Polarization. Fluorescence is excited with polarized radiation, and fluorescence emission path contains a polarizer before the monochromator. The “magic angle” configuration is used to cancel all effects of rotational diffusion on the recorded data. The “magic angle” configuration is achieved when cos2 θ exc·cos2 θ em = 1/3, where θ exc and θ em are the angles between the electric vector of the exciting and emission radiation, respectively, and the direction (usually vertical) of the normal to the plane containing the optical axes of both the exciting beam and the emission beam. For example, if the optical axes of the exciting and emission beams are horizontal and the exciting radiation is vertically polarized (θ exc = 0), then the polarizer in the emission path is set at θ em = 55°.

 

4.

Time resolution. The overall time resolution of the TCSPC instrument depends on the exciting pulse width, the optical pulse broadening in the monochromator, the electron transit time dispersion in the microchannel plate photomultiplier, the bandwidths and noise levels of electronic preamplifiers, and the quality of the discriminators (either constant-fraction or pico-Timing discriminators). The overall time resolution in Eq. 20can be characterized by the FWHM of the impulse response function (IRF). An IRF FWHM of 55–70 ps is desirable; 100 ps or longer is unacceptable.

 

5.

IRF recording. A cell of the same material and shape as the cell containing the protein solution is filled with a scatterer solution and also placed in the motorized slide (or turret) for the TCSPC measurement. The scatterer cell is used to measure the IRF quasi-simultaneously with the decay curve: out of each minute of photon counting, photons from the protein solution are counted for 50 s with the monochromator set to the emission wavelength, and photons from the scatterer solution are counted for 10 s with the monochromator set to the excitation wavelength (these are the real times rather than the live times; see Note 2). Photon counts from the protein and from the scatterer are stored in different memory segments of the multichannel analyzer (MCA), since transferring the data from the MCA to a computer takes longer than swapping the two cells and moving the monochromators between the two wavelengths (see Note 3). The mechanics of the slide or turret must have enough precision to ensure that the physical positions of different cells (when they are in the beam) differ by no more than 0.1 mm. The group velocity of light in the scatterer solution must match that in the protein sample, i.e., if the protein solvent is water, then the scatterer must be also in water; however, if the protein solvent contains 80 % glycerol, then the scatterer solution must also contain 80 % glycerol. Millimolar concentrations of ions that are commonly present in pH buffers, such as Na+ or H2PO4 , have insignificant effect on the group velocity and do not need to be duplicated in the scatterer solution. Ludox colloidal silica is used to make water-based scatterer solutions. The concentration of Ludox is adjusted to match within 10 % the number of scattered photons per second with the number of protein fluorescence photons per second at the peak emission wavelength.

 

6.

Duration. The goal is to register approximately 250 millions of fluorescence emission photon counts at all emission wavelengths together.
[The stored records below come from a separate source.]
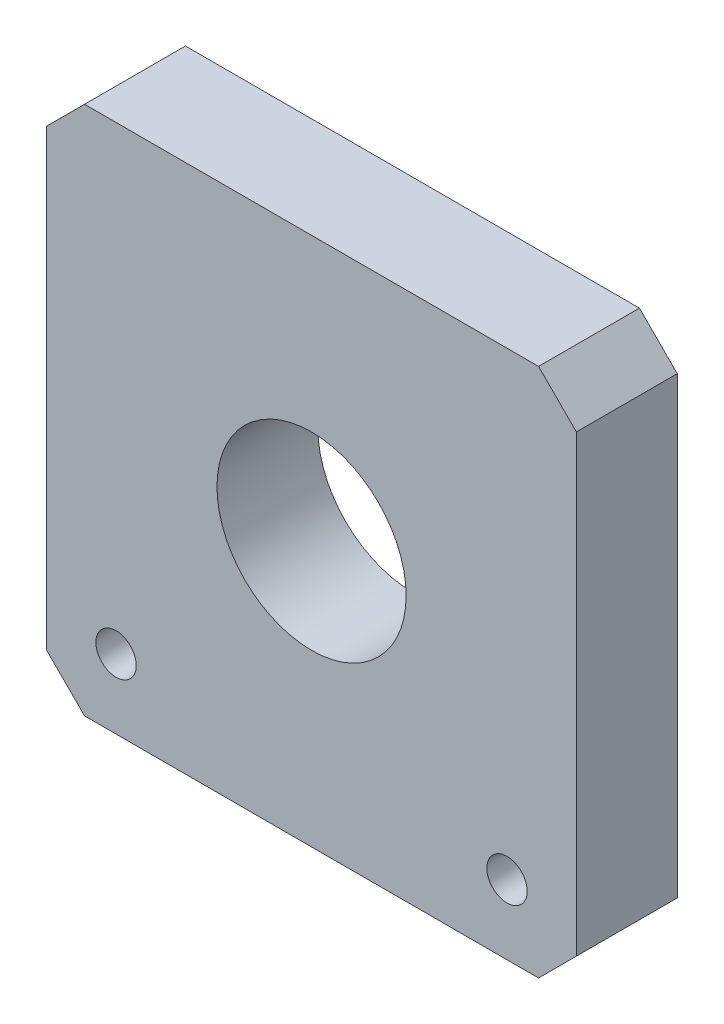
ISO-10303-21;
HEADER;
FILE_DESCRIPTION(('STEP AP214'),'2;1');
FILE_NAME('part.step','',(''),(''),'','','');
FILE_SCHEMA(('AUTOMOTIVE_DESIGN { 1 0 10303 214 1 1 1 1 }'));
ENDSEC;
DATA;
#1=APPLICATION_CONTEXT('core data for automotive mechanical design processes');
#2=APPLICATION_PROTOCOL_DEFINITION('international standard','automotive_design',2000,#1);
#3=PRODUCT_CONTEXT('',#1,'mechanical');
#4=PRODUCT('Part','Part','',(#3));
#5=PRODUCT_RELATED_PRODUCT_CATEGORY('part','',(#4));
#6=PRODUCT_DEFINITION_FORMATION('','',#4);
#7=PRODUCT_DEFINITION_CONTEXT('part definition',#1,'design');
#8=PRODUCT_DEFINITION('design','',#6,#7);
#9=PRODUCT_DEFINITION_SHAPE('','',#8);
#10=(LENGTH_UNIT() NAMED_UNIT(*) SI_UNIT(.MILLI.,.METRE.));
#11=(NAMED_UNIT(*) PLANE_ANGLE_UNIT() SI_UNIT($,.RADIAN.));
#12=(NAMED_UNIT(*) SI_UNIT($,.STERADIAN.) SOLID_ANGLE_UNIT());
#13=UNCERTAINTY_MEASURE_WITH_UNIT(LENGTH_MEASURE(1.E-05),#10,'distance_accuracy_value','');
#14=(GEOMETRIC_REPRESENTATION_CONTEXT(3) GLOBAL_UNCERTAINTY_ASSIGNED_CONTEXT((#13)) GLOBAL_UNIT_ASSIGNED_CONTEXT((#10,
#11,#12)) REPRESENTATION_CONTEXT('',''));
#15=CARTESIAN_POINT('',(0.,0.,0.));
#16=DIRECTION('',(0.,0.,1.));
#17=DIRECTION('',(1.,0.,0.));
#18=AXIS2_PLACEMENT_3D('',#15,#16,#17);
#19=CARTESIAN_POINT('',(0.,0.,8.));
#20=DIRECTION('',(1.,0.,0.));
#21=DIRECTION('',(0.,0.,-1.));
#22=AXIS2_PLACEMENT_3D('',#19,#20,#21);
#23=PLANE('',#22);
#24=DIRECTION('',(0.,-1.,0.));
#25=VECTOR('',#24,1.);
#26=CARTESIAN_POINT('',(0.,0.,0.));
#27=LINE('',#26,#25);
#28=CARTESIAN_POINT('',(0.,39.,0.));
#29=VERTEX_POINT('',#28);
#30=CARTESIAN_POINT('',(0.,3.00000000000002,0.));
#31=VERTEX_POINT('',#30);
#32=EDGE_CURVE('E133',#29,#31,#27,.T.);
#33=ORIENTED_EDGE('',*,*,#32,.T.);
#34=DIRECTION('',(0.,0.,1.));
#35=VECTOR('',#34,1.);
#36=CARTESIAN_POINT('',(0.,3.00000000000002,8.));
#37=LINE('',#36,#35);
#38=CARTESIAN_POINT('',(0.,3.00000000000002,8.));
#39=VERTEX_POINT('',#38);
#40=EDGE_CURVE('E165',#31,#39,#37,.T.);
#41=ORIENTED_EDGE('',*,*,#40,.T.);
#42=DIRECTION('',(0.,-1.,0.));
#43=VECTOR('',#42,1.);
#44=CARTESIAN_POINT('',(0.,0.,8.));
#45=LINE('',#44,#43);
#46=CARTESIAN_POINT('',(0.,39.,8.));
#47=VERTEX_POINT('',#46);
#48=EDGE_CURVE('E131',#47,#39,#45,.T.);
#49=ORIENTED_EDGE('',*,*,#48,.F.);
#50=DIRECTION('',(0.,0.,-1.));
#51=VECTOR('',#50,1.);
#52=CARTESIAN_POINT('',(0.,39.,8.));
#53=LINE('',#52,#51);
#54=EDGE_CURVE('E162',#47,#29,#53,.T.);
#55=ORIENTED_EDGE('',*,*,#54,.T.);
#56=EDGE_LOOP('',(#33,#41,#49,#55));
#57=FACE_BOUND('',#56,.T.);
#58=ADVANCED_FACE('F36',(#57),#23,.F.);
#59=CARTESIAN_POINT('',(0.,0.,8.));
#60=DIRECTION('',(0.,1.,0.));
#61=DIRECTION('',(0.,0.,1.));
#62=AXIS2_PLACEMENT_3D('',#59,#60,#61);
#63=PLANE('',#62);
#64=DIRECTION('',(1.,0.,0.));
#65=VECTOR('',#64,1.);
#66=CARTESIAN_POINT('',(0.,0.,0.));
#67=LINE('',#66,#65);
#68=CARTESIAN_POINT('',(3.,0.,0.));
#69=VERTEX_POINT('',#68);
#70=CARTESIAN_POINT('',(39.,0.,0.));
#71=VERTEX_POINT('',#70);
#72=EDGE_CURVE('E129',#69,#71,#67,.T.);
#73=ORIENTED_EDGE('',*,*,#72,.T.);
#74=DIRECTION('',(0.,0.,1.));
#75=VECTOR('',#74,1.);
#76=CARTESIAN_POINT('',(39.,0.,8.));
#77=LINE('',#76,#75);
#78=CARTESIAN_POINT('',(39.,0.,8.));
#79=VERTEX_POINT('',#78);
#80=EDGE_CURVE('E107',#71,#79,#77,.T.);
#81=ORIENTED_EDGE('',*,*,#80,.T.);
#82=DIRECTION('',(1.,0.,0.));
#83=VECTOR('',#82,1.);
#84=CARTESIAN_POINT('',(0.,0.,8.));
#85=LINE('',#84,#83);
#86=CARTESIAN_POINT('',(3.,0.,8.));
#87=VERTEX_POINT('',#86);
#88=EDGE_CURVE('E179',#87,#79,#85,.T.);
#89=ORIENTED_EDGE('',*,*,#88,.F.);
#90=DIRECTION('',(0.,0.,-1.));
#91=VECTOR('',#90,1.);
#92=CARTESIAN_POINT('',(3.,0.,8.));
#93=LINE('',#92,#91);
#94=EDGE_CURVE('E112',#87,#69,#93,.T.);
#95=ORIENTED_EDGE('',*,*,#94,.T.);
#96=EDGE_LOOP('',(#73,#81,#89,#95));
#97=FACE_BOUND('',#96,.T.);
#98=ADVANCED_FACE('F184',(#97),#63,.F.);
#99=CARTESIAN_POINT('',(42.,0.,8.));
#100=DIRECTION('',(-1.,0.,0.));
#101=DIRECTION('',(0.,0.,1.));
#102=AXIS2_PLACEMENT_3D('',#99,#100,#101);
#103=PLANE('',#102);
#104=DIRECTION('',(0.,1.,0.));
#105=VECTOR('',#104,1.);
#106=CARTESIAN_POINT('',(42.,0.,8.));
#107=LINE('',#106,#105);
#108=CARTESIAN_POINT('',(42.,3.,8.));
#109=VERTEX_POINT('',#108);
#110=CARTESIAN_POINT('',(42.,39.,8.));
#111=VERTEX_POINT('',#110);
#112=EDGE_CURVE('E121',#109,#111,#107,.T.);
#113=ORIENTED_EDGE('',*,*,#112,.F.);
#114=DIRECTION('',(0.,0.,-1.));
#115=VECTOR('',#114,1.);
#116=CARTESIAN_POINT('',(42.,3.,8.));
#117=LINE('',#116,#115);
#118=CARTESIAN_POINT('',(42.,3.,0.));
#119=VERTEX_POINT('',#118);
#120=EDGE_CURVE('E106',#109,#119,#117,.T.);
#121=ORIENTED_EDGE('',*,*,#120,.T.);
#122=DIRECTION('',(0.,1.,0.));
#123=VECTOR('',#122,1.);
#124=CARTESIAN_POINT('',(42.,0.,0.));
#125=LINE('',#124,#123);
#126=CARTESIAN_POINT('',(42.,39.,0.));
#127=VERTEX_POINT('',#126);
#128=EDGE_CURVE('E119',#119,#127,#125,.T.);
#129=ORIENTED_EDGE('',*,*,#128,.T.);
#130=DIRECTION('',(0.,0.,1.));
#131=VECTOR('',#130,1.);
#132=CARTESIAN_POINT('',(42.,39.,8.));
#133=LINE('',#132,#131);
#134=EDGE_CURVE('E123',#127,#111,#133,.T.);
#135=ORIENTED_EDGE('',*,*,#134,.T.);
#136=EDGE_LOOP('',(#113,#121,#129,#135));
#137=FACE_BOUND('',#136,.T.);
#138=ADVANCED_FACE('F118',(#137),#103,.F.);
#139=CARTESIAN_POINT('',(0.,42.,8.));
#140=DIRECTION('',(0.,-1.,0.));
#141=DIRECTION('',(0.,0.,-1.));
#142=AXIS2_PLACEMENT_3D('',#139,#140,#141);
#143=PLANE('',#142);
#144=DIRECTION('',(-1.,0.,0.));
#145=VECTOR('',#144,1.);
#146=CARTESIAN_POINT('',(0.,42.,8.));
#147=LINE('',#146,#145);
#148=CARTESIAN_POINT('',(39.,42.,8.));
#149=VERTEX_POINT('',#148);
#150=CARTESIAN_POINT('',(3.00000000000002,42.,8.));
#151=VERTEX_POINT('',#150);
#152=EDGE_CURVE('E147',#149,#151,#147,.T.);
#153=ORIENTED_EDGE('',*,*,#152,.F.);
#154=DIRECTION('',(0.,0.,-1.));
#155=VECTOR('',#154,1.);
#156=CARTESIAN_POINT('',(39.,42.,8.));
#157=LINE('',#156,#155);
#158=CARTESIAN_POINT('',(39.,42.,0.));
#159=VERTEX_POINT('',#158);
#160=EDGE_CURVE('E11',#149,#159,#157,.T.);
#161=ORIENTED_EDGE('',*,*,#160,.T.);
#162=DIRECTION('',(-1.,0.,0.));
#163=VECTOR('',#162,1.);
#164=CARTESIAN_POINT('',(0.,42.,0.));
#165=LINE('',#164,#163);
#166=CARTESIAN_POINT('',(3.00000000000002,42.,0.));
#167=VERTEX_POINT('',#166);
#168=EDGE_CURVE('E128',#159,#167,#165,.T.);
#169=ORIENTED_EDGE('',*,*,#168,.T.);
#170=DIRECTION('',(0.,0.,1.));
#171=VECTOR('',#170,1.);
#172=CARTESIAN_POINT('',(3.00000000000002,42.,8.));
#173=LINE('',#172,#171);
#174=EDGE_CURVE('E44',#167,#151,#173,.T.);
#175=ORIENTED_EDGE('',*,*,#174,.T.);
#176=EDGE_LOOP('',(#153,#161,#169,#175));
#177=FACE_BOUND('',#176,.T.);
#178=ADVANCED_FACE('F202',(#177),#143,.F.);
#179=CARTESIAN_POINT('',(0.,0.,8.));
#180=DIRECTION('',(0.,0.,-1.));
#181=DIRECTION('',(-1.,0.,0.));
#182=AXIS2_PLACEMENT_3D('',#179,#180,#181);
#183=PLANE('',#182);
#184=CARTESIAN_POINT('',(36.5,5.5,8.));
#185=DIRECTION('',(0.,0.,1.));
#186=DIRECTION('',(1.,0.,0.));
#187=AXIS2_PLACEMENT_3D('',#184,#185,#186);
#188=CIRCLE('',#187,1.6);
#189=CARTESIAN_POINT('',(38.1,5.5,8.));
#190=VERTEX_POINT('',#189);
#191=EDGE_CURVE('E141',#190,#190,#188,.T.);
#192=ORIENTED_EDGE('',*,*,#191,.F.);
#193=EDGE_LOOP('',(#192));
#194=FACE_BOUND('',#193,.T.);
#195=CARTESIAN_POINT('',(5.50000000000001,5.5,8.));
#196=DIRECTION('',(0.,0.,1.));
#197=DIRECTION('',(1.,0.,0.));
#198=AXIS2_PLACEMENT_3D('',#195,#196,#197);
#199=CIRCLE('',#198,1.6);
#200=CARTESIAN_POINT('',(7.1,5.5,8.));
#201=VERTEX_POINT('',#200);
#202=EDGE_CURVE('E192',#201,#201,#199,.T.);
#203=ORIENTED_EDGE('',*,*,#202,.F.);
#204=EDGE_LOOP('',(#203));
#205=FACE_BOUND('',#204,.T.);
#206=CARTESIAN_POINT('',(21.,21.,8.));
#207=DIRECTION('',(0.,0.,1.));
#208=DIRECTION('',(1.,0.,0.));
#209=AXIS2_PLACEMENT_3D('',#206,#207,#208);
#210=CIRCLE('',#209,7.5);
#211=CARTESIAN_POINT('',(28.5,21.,8.));
#212=VERTEX_POINT('',#211);
#213=EDGE_CURVE('E189',#212,#212,#210,.T.);
#214=ORIENTED_EDGE('',*,*,#213,.F.);
#215=EDGE_LOOP('',(#214));
#216=FACE_BOUND('',#215,.T.);
#217=ORIENTED_EDGE('',*,*,#88,.T.);
#218=DIRECTION('',(-0.707106781186549,-0.707106781186546,0.));
#219=VECTOR('',#218,1.);
#220=CARTESIAN_POINT('',(42.,3.,8.));
#221=LINE('',#220,#219);
#222=EDGE_CURVE('E160',#79,#109,#221,.F.);
#223=ORIENTED_EDGE('',*,*,#222,.T.);
#224=ORIENTED_EDGE('',*,*,#112,.T.);
#225=DIRECTION('',(0.707106781186546,-0.707106781186549,0.));
#226=VECTOR('',#225,1.);
#227=CARTESIAN_POINT('',(39.,42.,8.));
#228=LINE('',#227,#226);
#229=EDGE_CURVE('E57',#111,#149,#228,.F.);
#230=ORIENTED_EDGE('',*,*,#229,.T.);
#231=ORIENTED_EDGE('',*,*,#152,.T.);
#232=DIRECTION('',(0.707106781186549,0.707106781186546,0.));
#233=VECTOR('',#232,1.);
#234=CARTESIAN_POINT('',(0.,39.,8.));
#235=LINE('',#234,#233);
#236=EDGE_CURVE('E155',#151,#47,#235,.F.);
#237=ORIENTED_EDGE('',*,*,#236,.T.);
#238=ORIENTED_EDGE('',*,*,#48,.T.);
#239=DIRECTION('',(-0.707106781186546,0.707106781186549,0.));
#240=VECTOR('',#239,1.);
#241=CARTESIAN_POINT('',(3.,0.,8.));
#242=LINE('',#241,#240);
#243=EDGE_CURVE('E158',#39,#87,#242,.F.);
#244=ORIENTED_EDGE('',*,*,#243,.T.);
#245=EDGE_LOOP('',(#217,#223,#224,#230,#231,#237,#238,#244));
#246=FACE_BOUND('',#245,.T.);
#247=ADVANCED_FACE('F176',(#194,#205,#216,#246),#183,.F.);
#248=CARTESIAN_POINT('',(0.,0.,0.));
#249=DIRECTION('',(0.,0.,-1.));
#250=DIRECTION('',(-1.,0.,0.));
#251=AXIS2_PLACEMENT_3D('',#248,#249,#250);
#252=PLANE('',#251);
#253=CARTESIAN_POINT('',(36.5,5.5,0.));
#254=DIRECTION('',(0.,0.,-1.));
#255=DIRECTION('',(-1.,0.,0.));
#256=AXIS2_PLACEMENT_3D('',#253,#254,#255);
#257=CIRCLE('',#256,1.6);
#258=CARTESIAN_POINT('',(34.9,5.5,0.));
#259=VERTEX_POINT('',#258);
#260=EDGE_CURVE('E144',#259,#259,#257,.T.);
#261=ORIENTED_EDGE('',*,*,#260,.F.);
#262=EDGE_LOOP('',(#261));
#263=FACE_BOUND('',#262,.T.);
#264=CARTESIAN_POINT('',(5.50000000000001,5.5,0.));
#265=DIRECTION('',(0.,0.,-1.));
#266=DIRECTION('',(-1.,0.,0.));
#267=AXIS2_PLACEMENT_3D('',#264,#265,#266);
#268=CIRCLE('',#267,1.6);
#269=CARTESIAN_POINT('',(3.90000000000001,5.5,0.));
#270=VERTEX_POINT('',#269);
#271=EDGE_CURVE('E140',#270,#270,#268,.T.);
#272=ORIENTED_EDGE('',*,*,#271,.F.);
#273=EDGE_LOOP('',(#272));
#274=FACE_BOUND('',#273,.T.);
#275=CARTESIAN_POINT('',(21.,21.,0.));
#276=DIRECTION('',(0.,0.,-1.));
#277=DIRECTION('',(-1.,0.,0.));
#278=AXIS2_PLACEMENT_3D('',#275,#276,#277);
#279=CIRCLE('',#278,7.5);
#280=CARTESIAN_POINT('',(13.5,21.,0.));
#281=VERTEX_POINT('',#280);
#282=EDGE_CURVE('E137',#281,#281,#279,.T.);
#283=ORIENTED_EDGE('',*,*,#282,.F.);
#284=EDGE_LOOP('',(#283));
#285=FACE_BOUND('',#284,.T.);
#286=ORIENTED_EDGE('',*,*,#128,.F.);
#287=DIRECTION('',(0.707106781186549,0.707106781186546,0.));
#288=VECTOR('',#287,1.);
#289=CARTESIAN_POINT('',(19.4999999999999,-19.5,0.));
#290=LINE('',#289,#288);
#291=EDGE_CURVE('E102',#119,#71,#290,.F.);
#292=ORIENTED_EDGE('',*,*,#291,.T.);
#293=ORIENTED_EDGE('',*,*,#72,.F.);
#294=DIRECTION('',(0.707106781186546,-0.707106781186549,0.));
#295=VECTOR('',#294,1.);
#296=CARTESIAN_POINT('',(1.50000000000001,1.5,0.));
#297=LINE('',#296,#295);
#298=EDGE_CURVE('E113',#69,#31,#297,.F.);
#299=ORIENTED_EDGE('',*,*,#298,.T.);
#300=ORIENTED_EDGE('',*,*,#32,.F.);
#301=DIRECTION('',(-0.707106781186549,-0.707106781186546,0.));
#302=VECTOR('',#301,1.);
#303=CARTESIAN_POINT('',(-19.5,19.5000000000001,0.));
#304=LINE('',#303,#302);
#305=EDGE_CURVE('E122',#29,#167,#304,.F.);
#306=ORIENTED_EDGE('',*,*,#305,.T.);
#307=ORIENTED_EDGE('',*,*,#168,.F.);
#308=DIRECTION('',(-0.707106781186546,0.707106781186549,0.));
#309=VECTOR('',#308,1.);
#310=CARTESIAN_POINT('',(40.5000000000001,40.4999999999999,0.));
#311=LINE('',#310,#309);
#312=EDGE_CURVE('E127',#159,#127,#311,.F.);
#313=ORIENTED_EDGE('',*,*,#312,.T.);
#314=EDGE_LOOP('',(#286,#292,#293,#299,#300,#306,#307,#313));
#315=FACE_BOUND('',#314,.T.);
#316=ADVANCED_FACE('F125',(#263,#274,#285,#315),#252,.T.);
#317=CARTESIAN_POINT('',(21.,21.,-0.999999999999999));
#318=DIRECTION('',(0.,0.,1.));
#319=DIRECTION('',(1.,0.,0.));
#320=AXIS2_PLACEMENT_3D('',#317,#318,#319);
#321=CYLINDRICAL_SURFACE('',#320,7.5);
#322=ORIENTED_EDGE('',*,*,#282,.T.);
#323=EDGE_LOOP('',(#322));
#324=FACE_BOUND('',#323,.T.);
#325=ORIENTED_EDGE('',*,*,#213,.T.);
#326=EDGE_LOOP('',(#325));
#327=FACE_BOUND('',#326,.T.);
#328=ADVANCED_FACE('F208',(#324,#327),#321,.F.);
#329=CARTESIAN_POINT('',(5.50000000000001,5.5,-0.999999999999999));
#330=DIRECTION('',(0.,0.,1.));
#331=DIRECTION('',(1.,0.,0.));
#332=AXIS2_PLACEMENT_3D('',#329,#330,#331);
#333=CYLINDRICAL_SURFACE('',#332,1.6);
#334=ORIENTED_EDGE('',*,*,#271,.T.);
#335=EDGE_LOOP('',(#334));
#336=FACE_BOUND('',#335,.T.);
#337=ORIENTED_EDGE('',*,*,#202,.T.);
#338=EDGE_LOOP('',(#337));
#339=FACE_BOUND('',#338,.T.);
#340=ADVANCED_FACE('F210',(#336,#339),#333,.F.);
#341=CARTESIAN_POINT('',(36.5,5.5,-0.999999999999999));
#342=DIRECTION('',(0.,0.,1.));
#343=DIRECTION('',(1.,0.,0.));
#344=AXIS2_PLACEMENT_3D('',#341,#342,#343);
#345=CYLINDRICAL_SURFACE('',#344,1.6);
#346=ORIENTED_EDGE('',*,*,#260,.T.);
#347=EDGE_LOOP('',(#346));
#348=FACE_BOUND('',#347,.T.);
#349=ORIENTED_EDGE('',*,*,#191,.T.);
#350=EDGE_LOOP('',(#349));
#351=FACE_BOUND('',#350,.T.);
#352=ADVANCED_FACE('F198',(#348,#351),#345,.F.);
#353=CARTESIAN_POINT('',(42.,3.,8.));
#354=DIRECTION('',(-0.707106781186546,0.707106781186549,0.));
#355=DIRECTION('',(0.,0.,-1.));
#356=AXIS2_PLACEMENT_3D('',#353,#354,#355);
#357=PLANE('',#356);
#358=ORIENTED_EDGE('',*,*,#222,.F.);
#359=ORIENTED_EDGE('',*,*,#80,.F.);
#360=ORIENTED_EDGE('',*,*,#291,.F.);
#361=ORIENTED_EDGE('',*,*,#120,.F.);
#362=EDGE_LOOP('',(#358,#359,#360,#361));
#363=FACE_BOUND('',#362,.T.);
#364=ADVANCED_FACE('F105',(#363),#357,.F.);
#365=CARTESIAN_POINT('',(3.,0.,8.));
#366=DIRECTION('',(0.707106781186549,0.707106781186546,0.));
#367=DIRECTION('',(0.,0.,-1.));
#368=AXIS2_PLACEMENT_3D('',#365,#366,#367);
#369=PLANE('',#368);
#370=ORIENTED_EDGE('',*,*,#243,.F.);
#371=ORIENTED_EDGE('',*,*,#40,.F.);
#372=ORIENTED_EDGE('',*,*,#298,.F.);
#373=ORIENTED_EDGE('',*,*,#94,.F.);
#374=EDGE_LOOP('',(#370,#371,#372,#373));
#375=FACE_BOUND('',#374,.T.);
#376=ADVANCED_FACE('F182',(#375),#369,.F.);
#377=CARTESIAN_POINT('',(39.,42.,8.));
#378=DIRECTION('',(-0.707106781186549,-0.707106781186546,0.));
#379=DIRECTION('',(0.,0.,-1.));
#380=AXIS2_PLACEMENT_3D('',#377,#378,#379);
#381=PLANE('',#380);
#382=ORIENTED_EDGE('',*,*,#229,.F.);
#383=ORIENTED_EDGE('',*,*,#134,.F.);
#384=ORIENTED_EDGE('',*,*,#312,.F.);
#385=ORIENTED_EDGE('',*,*,#160,.F.);
#386=EDGE_LOOP('',(#382,#383,#384,#385));
#387=FACE_BOUND('',#386,.T.);
#388=ADVANCED_FACE('F232',(#387),#381,.F.);
#389=CARTESIAN_POINT('',(0.,39.,8.));
#390=DIRECTION('',(0.707106781186546,-0.707106781186549,0.));
#391=DIRECTION('',(0.,0.,-1.));
#392=AXIS2_PLACEMENT_3D('',#389,#390,#391);
#393=PLANE('',#392);
#394=ORIENTED_EDGE('',*,*,#236,.F.);
#395=ORIENTED_EDGE('',*,*,#174,.F.);
#396=ORIENTED_EDGE('',*,*,#305,.F.);
#397=ORIENTED_EDGE('',*,*,#54,.F.);
#398=EDGE_LOOP('',(#394,#395,#396,#397));
#399=FACE_BOUND('',#398,.T.);
#400=ADVANCED_FACE('F38',(#399),#393,.F.);
#401=CLOSED_SHELL('',(#58,#98,#138,#178,#247,#316,#328,#340,#352,#364,#376,#388,#400));
#402=MANIFOLD_SOLID_BREP('B2',#401);
#403=ADVANCED_BREP_SHAPE_REPRESENTATION('',(#18,#402),#14);
#404=SHAPE_DEFINITION_REPRESENTATION(#9,#403);
ENDSEC;
END-ISO-10303-21;

The decay curves measured near the emission maximum usually have about 16 million counts per curve; those measured at 300 nm and at 450 nm have less than one million. To avoid pileup problems, the mean rate at which emission photons are detected must not exceed 1/200 of the excitation pulse rate, which equals 4.1 MHz in our experimental setup and cannot be made much higher than that because there must be sufficient time for the excited-state population to decay completely to zero before the next excitation pulse arrives. It takes 800 s to register 16 × 106 photon counts at 20 × 103 s−1 mean counting rate; however, if the dead time and quasi-simultaneous IRF recording are taken into account, then 800 s becomes about 20 min. With 20 min per wavelength and 31 wavelengths, the duration of the entire TCSPC experiment is over 10 h. This time can be cut in half if two identical fluorescence emission wings are used in parallel (T-format) as shown in Fig. 1 (see Note 4). TCSPC data from each wing are saved in separate computer files and later combined together using the program comb_tcp, which will be described in Subheading 3.2. The program shifts the decay curves and corresponding IRF before the addition to ensure the minimum possible width of the IRF for the combined data. Whether one or two wings are used to measure fluorescence emission, if the duration of the measurement at one wavelength exceeds 300 s, then the measurement is split in two or more parts of equal duration, and the results are saved in separate files to minimize the broadening of the IRF due to slow drifts in the instrument. The data are later combined using the program comb_tcp.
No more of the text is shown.